CHAPTER XII. PARIS IN 1870: JULY, AUGUST, AND SEPTEMBER.

The day after the attack on Saarbrueck compact masses of Germans were moving across the frontier into France, and the next day (August 4), a division of MacMahon's army corps was surprised at Wissembourg, while their commander was at Metz in conference with the emperor. The French troops were cut to pieces, and the fugitives spread themselves all over the country. The battle had been fought on ground covered with vineyards, and the movements of the French cavalry had been impeded by the vines. In this battle the French were without artillery, but they took eight cannon from the enemy. The Prussians, however, being speedily reinforced, recovered their advantage and gained a complete victory. Wissembourg, a small town in Alsace, was bombarded and set on fire. There seemed no officer among the defeated French to restore order. They had never anticipated such a rout, and were, especially the cavalry, utterly demoralized.

The French army was divided into seven army corps, the German into twelve. Each German army corps was greatly stronger in men, and incomparably better officered and equipped, than the French. The Germans began the war with nearly a million men; the French with little more than two hundred thousand on the frontier, though their army was five hundred thousand strong on the official records. The habit of the War Office had been to let rich men who were drawn for the conscription pay four hundred francs for a substitute, which substitute was seldom purchased, the money going into the pockets of dishonest officials.

The two hundred thousand French were stretched in a thin line from Belgium to the mountains of Dauphine. A German army corps could break this line at almost any point; and throughout the whole campaign the French suffered from the lack of reliable information as to the movements of the enemy.

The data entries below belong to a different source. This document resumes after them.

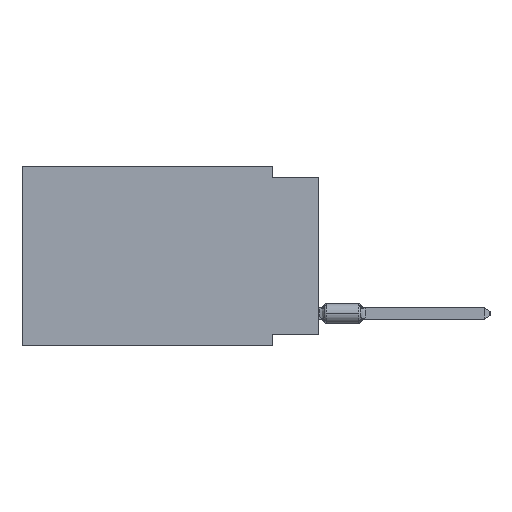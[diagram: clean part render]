
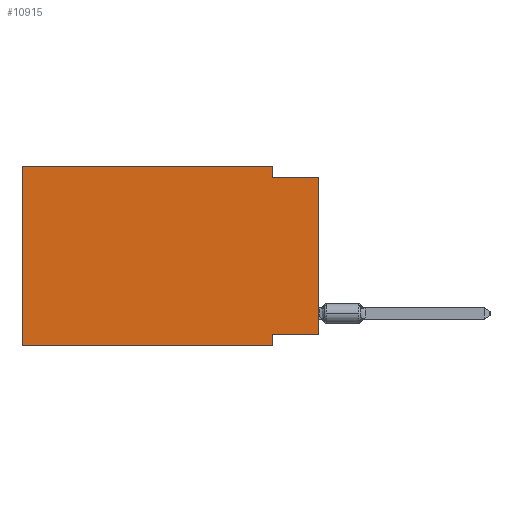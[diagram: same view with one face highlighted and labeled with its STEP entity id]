
A CAD part, left-side view. The second image highlights one B-rep face of the part: STEP entity #10915.
In plain terms, the highlighted planar face has unit normal (-1, 0, 0).
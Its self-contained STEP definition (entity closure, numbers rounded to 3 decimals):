
#400 = ORIENTED_EDGE ( 'NONE', *, *, #33214, .F. ) ;
#547 = VERTEX_POINT ( 'NONE', #51342 ) ;
#2371 = VERTEX_POINT ( 'NONE', #2656 ) ;
#2656 = CARTESIAN_POINT ( 'NONE',  ( 0., 16.383, -9.906 ) ) ;
#3575 = CARTESIAN_POINT ( 'NONE',  ( 0., 16.383, 0. ) ) ;
#5097 = ORIENTED_EDGE ( 'NONE', *, *, #12931, .T. ) ;
#5345 = DIRECTION ( 'NONE',  ( 0., -1., 0. ) ) ;
#6930 = ORIENTED_EDGE ( 'NONE', *, *, #33511, .F. ) ;
#7321 = VERTEX_POINT ( 'NONE', #3575 ) ;
#7503 = VECTOR ( 'NONE', #48977, 1000. ) ;
#7929 = VERTEX_POINT ( 'NONE', #22026 ) ;
#8758 = VECTOR ( 'NONE', #16912, 1000. ) ;
#8856 = LINE ( 'NONE', #48679, #24748 ) ;
#10392 = LINE ( 'NONE', #51496, #51006 ) ;
#10915 = ADVANCED_FACE ( 'NONE', ( #11015 ), #28295, .F. ) ;
#10964 = EDGE_LOOP ( 'NONE', ( #5097, #31873, #23129, #15870, #400, #42817, #6930, #20521 ) ) ;
#11015 = FACE_OUTER_BOUND ( 'NONE', #10964, .T. ) ;
#11218 = CARTESIAN_POINT ( 'NONE',  ( 0., 0., -0.635 ) ) ;
#11566 = CARTESIAN_POINT ( 'NONE',  ( 0., 2.54, 0. ) ) ;
#11929 = CARTESIAN_POINT ( 'NONE',  ( 0., 16.383, -9.906 ) ) ;
#12056 = VECTOR ( 'NONE', #16455, 1000. ) ;
#12931 = EDGE_CURVE ( 'NONE', #547, #33622, #10392, .T. ) ;
#13065 = EDGE_CURVE ( 'NONE', #2371, #33249, #16188, .T. ) ;
#14570 = EDGE_CURVE ( 'NONE', #7929, #33622, #35659, .T. ) ;
#15140 = AXIS2_PLACEMENT_3D ( 'NONE', #44460, #24055, #51363 ) ;
#15522 = VECTOR ( 'NONE', #5345, 1000. ) ;
#15870 = ORIENTED_EDGE ( 'NONE', *, *, #32460, .F. ) ;
#16188 = LINE ( 'NONE', #11929, #12056 ) ;
#16455 = DIRECTION ( 'NONE',  ( 0., -1., 0. ) ) ;
#16912 = DIRECTION ( 'NONE',  ( 0., 0., 1. ) ) ;
#18348 = DIRECTION ( 'NONE',  ( 0., 0., 1. ) ) ;
#20521 = ORIENTED_EDGE ( 'NONE', *, *, #30717, .F. ) ;
#22026 = CARTESIAN_POINT ( 'NONE',  ( 0., 2.54, -0.635 ) ) ;
#23111 = VECTOR ( 'NONE', #37551, 1000. ) ;
#23129 = ORIENTED_EDGE ( 'NONE', *, *, #29104, .F. ) ;
#24055 = DIRECTION ( 'NONE',  ( 1., 0., 0. ) ) ;
#24193 = CARTESIAN_POINT ( 'NONE',  ( 0., 0., -0.635 ) ) ;
#24748 = VECTOR ( 'NONE', #40206, 1000. ) ;
#27444 = DIRECTION ( 'NONE',  ( 0., -1., 0. ) ) ;
#28295 = PLANE ( 'NONE',  #15140 ) ;
#29104 = EDGE_CURVE ( 'NONE', #51859, #7929, #40774, .T. ) ;
#29942 = CARTESIAN_POINT ( 'NONE',  ( 0., 16.383, 0. ) ) ;
#30717 = EDGE_CURVE ( 'NONE', #547, #49590, #8856, .T. ) ;
#31873 = ORIENTED_EDGE ( 'NONE', *, *, #14570, .F. ) ;
#32460 = EDGE_CURVE ( 'NONE', #7321, #51859, #34305, .T. ) ;
#33214 = EDGE_CURVE ( 'NONE', #2371, #7321, #33908, .T. ) ;
#33249 = VERTEX_POINT ( 'NONE', #45047 ) ;
#33308 = CARTESIAN_POINT ( 'NONE',  ( 0., 2.54, -9.906 ) ) ;
#33352 = CARTESIAN_POINT ( 'NONE',  ( 0., 2.54, 0. ) ) ;
#33511 = EDGE_CURVE ( 'NONE', #49590, #33249, #41798, .T. ) ;
#33622 = VERTEX_POINT ( 'NONE', #24193 ) ;
#33908 = LINE ( 'NONE', #29942, #8758 ) ;
#34305 = LINE ( 'NONE', #50198, #15522 ) ;
#35659 = LINE ( 'NONE', #11218, #45404 ) ;
#37551 = DIRECTION ( 'NONE',  ( 0., 0., -1. ) ) ;
#40206 = DIRECTION ( 'NONE',  ( 0., 1., 0. ) ) ;
#40774 = LINE ( 'NONE', #11566, #7503 ) ;
#41798 = LINE ( 'NONE', #33308, #23111 ) ;
#42817 = ORIENTED_EDGE ( 'NONE', *, *, #13065, .T. ) ;
#44460 = CARTESIAN_POINT ( 'NONE',  ( 0., 16.383, 0. ) ) ;
#45047 = CARTESIAN_POINT ( 'NONE',  ( 0., 2.54, -9.906 ) ) ;
#45404 = VECTOR ( 'NONE', #27444, 1000. ) ;
#47012 = CARTESIAN_POINT ( 'NONE',  ( 0., 2.54, -9.271 ) ) ;
#48679 = CARTESIAN_POINT ( 'NONE',  ( 0., 0., -9.271 ) ) ;
#48977 = DIRECTION ( 'NONE',  ( 0., 0., -1. ) ) ;
#49590 = VERTEX_POINT ( 'NONE', #47012 ) ;
#50198 = CARTESIAN_POINT ( 'NONE',  ( 0., 16.383, 0. ) ) ;
#51006 = VECTOR ( 'NONE', #18348, 1000. ) ;
#51342 = CARTESIAN_POINT ( 'NONE',  ( 0., 0., -9.271 ) ) ;
#51363 = DIRECTION ( 'NONE',  ( 0., 0., -1. ) ) ;
#51496 = CARTESIAN_POINT ( 'NONE',  ( 0., 0., 0. ) ) ;
#51859 = VERTEX_POINT ( 'NONE', #33352 ) ;

On August 6, two days after the defeat at Wissembourg, the battle of Woerth, or Reichshofen, was fought between the German corps d'armee under the Prussian Crown Prince and the corps of MacMahon, which was completely defeated, and only enabled to leave the field of battle in retreat rather than rout, by brilliant charges of cavalry. The French lost six mitrailleuses, thirty guns, and four thousand unwounded prisoners. On the same day the German reserves retook Saarbrueck, and put to flight General Frossard's division. After these reverses Napoleon III. proposed to retreat on Paris and to cover the capital. This also was the counsel of MacMahon; but the empress-regent opposed it strongly, considering it a movement that must prove fatal to the dynasty. She even refused to receive back her son. And indeed it did not seem unlikely that the good people of Paris, who ten days before had cheered clamorously their beloved emperor, might have tom him in pieces, had he come back to them after such a succession of disasters.

On the 7th of August, the very day after the battle of Worth, while MacMahon was retreating before the victorious army of the Prussian Crown Prince, the Parisians were made victims of an extraordinary deception. A great battle was reported, in which the Crown Prince had been made prisoner, together with twenty-six thousand of his men.

All Paris turned into the streets to exult over this victory; everyone rushed in the direction of the Bourse, where details of the great victory were said to have been posted. In every street, from every house, people were summoned to hang out flags and banners. An excited crowd filled up the Bourse, many men clinging to the railings, all shouting, singing, and embracing each other. No one for a long time had any clear idea what the rejoicing was about, yet the crowd went on shouting and singing choruses, waving hats, and reiterating the "Marseillaise." The carriage of Madame Marie Sasse, the prima donna, who was on her way to a rehearsal at the Grand Opera House, was stopped, and she was requested to sing the "Marseillaise." She stood up on the seat of her carriage and complied at once. "There was profound silence," wrote a gentleman who was in the crowd, "when she gave the first notes of the 'Marseillaise;' but all Paris seemed to take up the chorus after each stanza. There was uproarious applause. The last verse was even more moving than when Faure had sung it, on account of the novelty of the surroundings and the spontaneous feeling of the people. There were real tears in the singer's eyes, and her voice trembled with genuine emotion as she came to the thrilling appeal to Liberte."

At the same moment Capoul also was singing the "Marseillaise" in another street, and in the Rue Richelieu the mob, having stopped a beer cart and borrowed some glasses from a restaurant, were drinking healths to the army and the emperor.

"All this time," says the American, who mingled in the crowd and shouted with the rest in his excitement, "it never occurred to me to doubt the accuracy of the news that had so stirred up Paris; for the newspapers on the preceding days had prepared us to expect something of the kind. All at once, upon the Boulevard, I was aware of a violent altercation going on between a respectable-looking man and a number of infuriated bystanders. He seemed to be insisting that the whole story of the victory was untrue, and that despatches had been received announcing heavy disasters. I saw that unlucky citizen hustled about, and finally collared and led off by a policeman, the people pursuing him with cries of 'Prussian!' But some time later in the day some persons in a cab drove down the Boulevards with a white banner, inscribed: THE AUTHOR OF THE FALSE NEWS IS ARRESTED! This, however, was not the case, for the news was never traced to any person."